What the task asks
Reproduce the records. Keep every word exact and include no images.

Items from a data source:
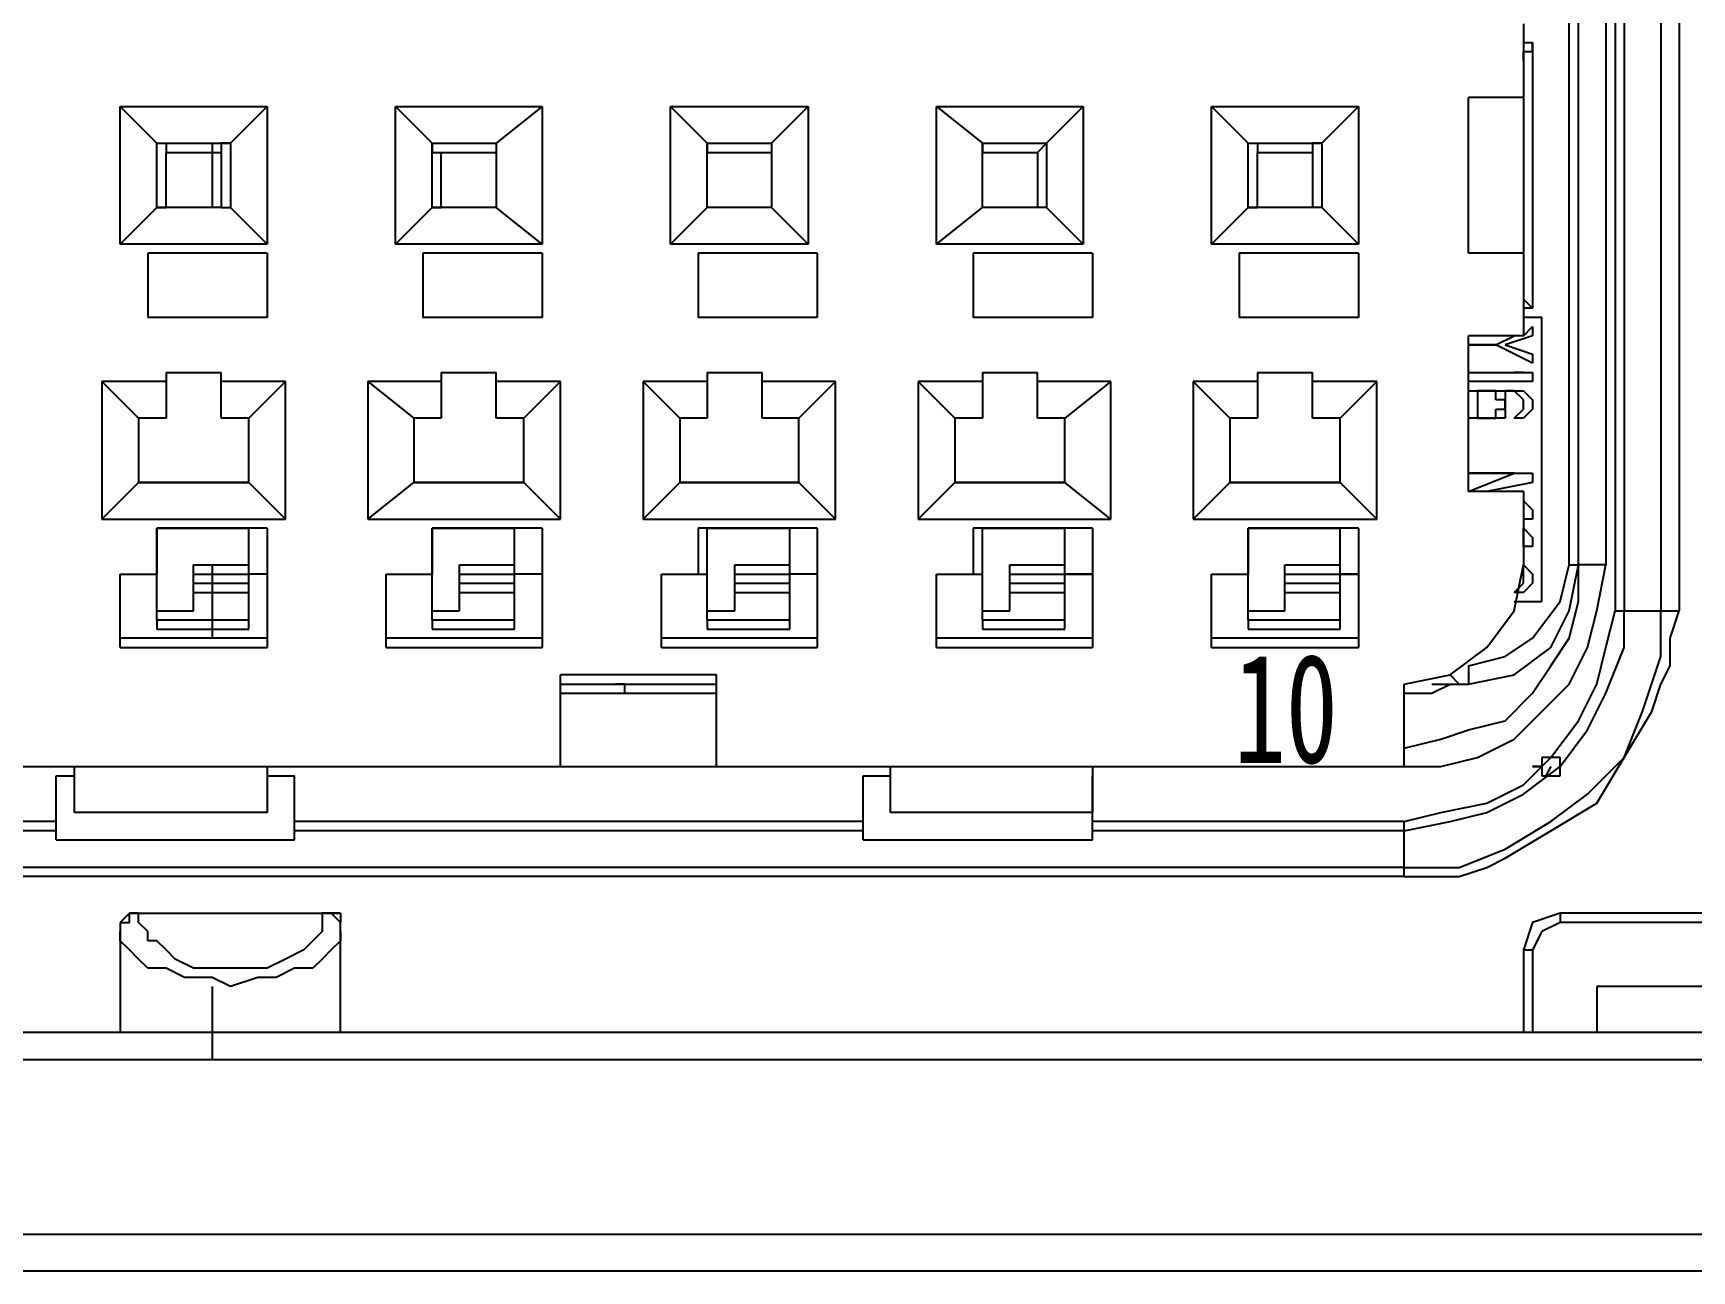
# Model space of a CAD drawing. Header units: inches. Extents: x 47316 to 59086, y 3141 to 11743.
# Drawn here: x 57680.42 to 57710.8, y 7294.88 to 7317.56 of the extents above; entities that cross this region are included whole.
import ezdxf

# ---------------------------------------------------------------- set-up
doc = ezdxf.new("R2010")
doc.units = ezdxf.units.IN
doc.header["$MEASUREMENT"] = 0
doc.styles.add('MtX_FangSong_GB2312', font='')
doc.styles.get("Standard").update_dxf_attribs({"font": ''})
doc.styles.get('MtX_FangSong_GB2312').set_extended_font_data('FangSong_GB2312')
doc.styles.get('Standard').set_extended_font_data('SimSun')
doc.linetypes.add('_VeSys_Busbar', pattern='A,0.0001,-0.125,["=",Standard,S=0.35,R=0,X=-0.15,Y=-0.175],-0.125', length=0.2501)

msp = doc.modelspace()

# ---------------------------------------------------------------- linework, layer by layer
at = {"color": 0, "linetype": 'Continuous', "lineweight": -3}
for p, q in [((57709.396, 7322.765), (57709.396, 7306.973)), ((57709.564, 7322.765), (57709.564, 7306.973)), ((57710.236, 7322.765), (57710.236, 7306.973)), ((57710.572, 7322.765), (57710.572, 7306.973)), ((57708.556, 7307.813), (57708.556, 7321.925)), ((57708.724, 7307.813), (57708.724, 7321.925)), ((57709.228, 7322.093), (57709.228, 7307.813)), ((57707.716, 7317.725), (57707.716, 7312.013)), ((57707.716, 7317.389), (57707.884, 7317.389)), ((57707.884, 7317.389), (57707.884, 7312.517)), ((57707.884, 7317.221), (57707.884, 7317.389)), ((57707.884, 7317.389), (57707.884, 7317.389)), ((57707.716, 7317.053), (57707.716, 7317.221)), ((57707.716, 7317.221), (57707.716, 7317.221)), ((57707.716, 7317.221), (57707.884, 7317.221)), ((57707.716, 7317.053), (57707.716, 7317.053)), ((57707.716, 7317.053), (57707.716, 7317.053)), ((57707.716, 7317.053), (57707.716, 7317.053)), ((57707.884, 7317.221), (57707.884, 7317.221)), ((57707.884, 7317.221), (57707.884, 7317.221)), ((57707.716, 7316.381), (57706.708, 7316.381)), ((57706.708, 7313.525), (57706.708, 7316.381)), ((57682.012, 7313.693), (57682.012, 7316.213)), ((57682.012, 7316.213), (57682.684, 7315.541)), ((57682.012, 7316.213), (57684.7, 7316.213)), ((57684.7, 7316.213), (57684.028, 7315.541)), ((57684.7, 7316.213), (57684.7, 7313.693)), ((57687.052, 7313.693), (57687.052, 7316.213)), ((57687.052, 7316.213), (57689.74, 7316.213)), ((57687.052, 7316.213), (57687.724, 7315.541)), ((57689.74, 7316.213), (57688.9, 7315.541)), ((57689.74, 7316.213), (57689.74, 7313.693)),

Written answer
# Model space of a CAD drawing. Header units: inches. Extents: x 47316 to 59086, y 3141 to 11743.
# Drawn here: x 57680.42 to 57710.8, y 7294.88 to 7317.56 of the extents above; entities that cross this region are included whole.
import ezdxf

# ---------------------------------------------------------------- set-up
doc = ezdxf.new("R2010")
doc.units = ezdxf.units.IN
doc.header["$MEASUREMENT"] = 0
doc.styles.add('MtX_FangSong_GB2312', font='')
doc.styles.get("Standard").update_dxf_attribs({"font": ''})
doc.styles.get('MtX_FangSong_GB2312').set_extended_font_data('FangSong_GB2312')
doc.styles.get('Standard').set_extended_font_data('SimSun')
doc.linetypes.add('_VeSys_Busbar', pattern='A,0.0001,-0.125,["=",Standard,S=0.35,R=0,X=-0.15,Y=-0.175],-0.125', length=0.2501)

msp = doc.modelspace()

# ---------------------------------------------------------------- linework, layer by layer
at = {"color": 0, "linetype": 'Continuous', "lineweight": -3}
for p, q in [((57709.396, 7322.765), (57709.396, 7306.973)), ((57709.564, 7322.765), (57709.564, 7306.973)), ((57710.236, 7322.765), (57710.236, 7306.973)), ((57710.572, 7322.765), (57710.572, 7306.973)), ((57708.556, 7307.813), (57708.556, 7321.925)), ((57708.724, 7307.813), (57708.724, 7321.925)), ((57709.228, 7322.093), (57709.228, 7307.813)), ((57707.716, 7317.725), (57707.716, 7312.013)), ((57707.716, 7317.389), (57707.884, 7317.389)), ((57707.884, 7317.389), (57707.884, 7312.517)), ((57707.884, 7317.221), (57707.884, 7317.389)), ((57707.884, 7317.389), (57707.884, 7317.389)), ((57707.716, 7317.053), (57707.716, 7317.221)), ((57707.716, 7317.221), (57707.716, 7317.221)), ((57707.716, 7317.221), (57707.884, 7317.221)), ((57707.716, 7317.053), (57707.716, 7317.053)), ((57707.716, 7317.053), (57707.716, 7317.053)), ((57707.716, 7317.053), (57707.716, 7317.053)), ((57707.884, 7317.221), (57707.884, 7317.221)), ((57707.884, 7317.221), (57707.884, 7317.221)), ((57707.716, 7316.381), (57706.708, 7316.381)), ((57706.708, 7313.525), (57706.708, 7316.381)), ((57682.012, 7313.693), (57682.012, 7316.213)), ((57682.012, 7316.213), (57682.684, 7315.541)), ((57682.012, 7316.213), (57684.7, 7316.213)), ((57684.7, 7316.213), (57684.028, 7315.541)), ((57684.7, 7316.213), (57684.7, 7313.693)), ((57687.052, 7313.693), (57687.052, 7316.213)), ((57687.052, 7316.213), (57689.74, 7316.213)), ((57687.052, 7316.213), (57687.724, 7315.541)), ((57689.74, 7316.213), (57688.9, 7315.541)), ((57689.74, 7316.213), (57689.74, 7313.693)),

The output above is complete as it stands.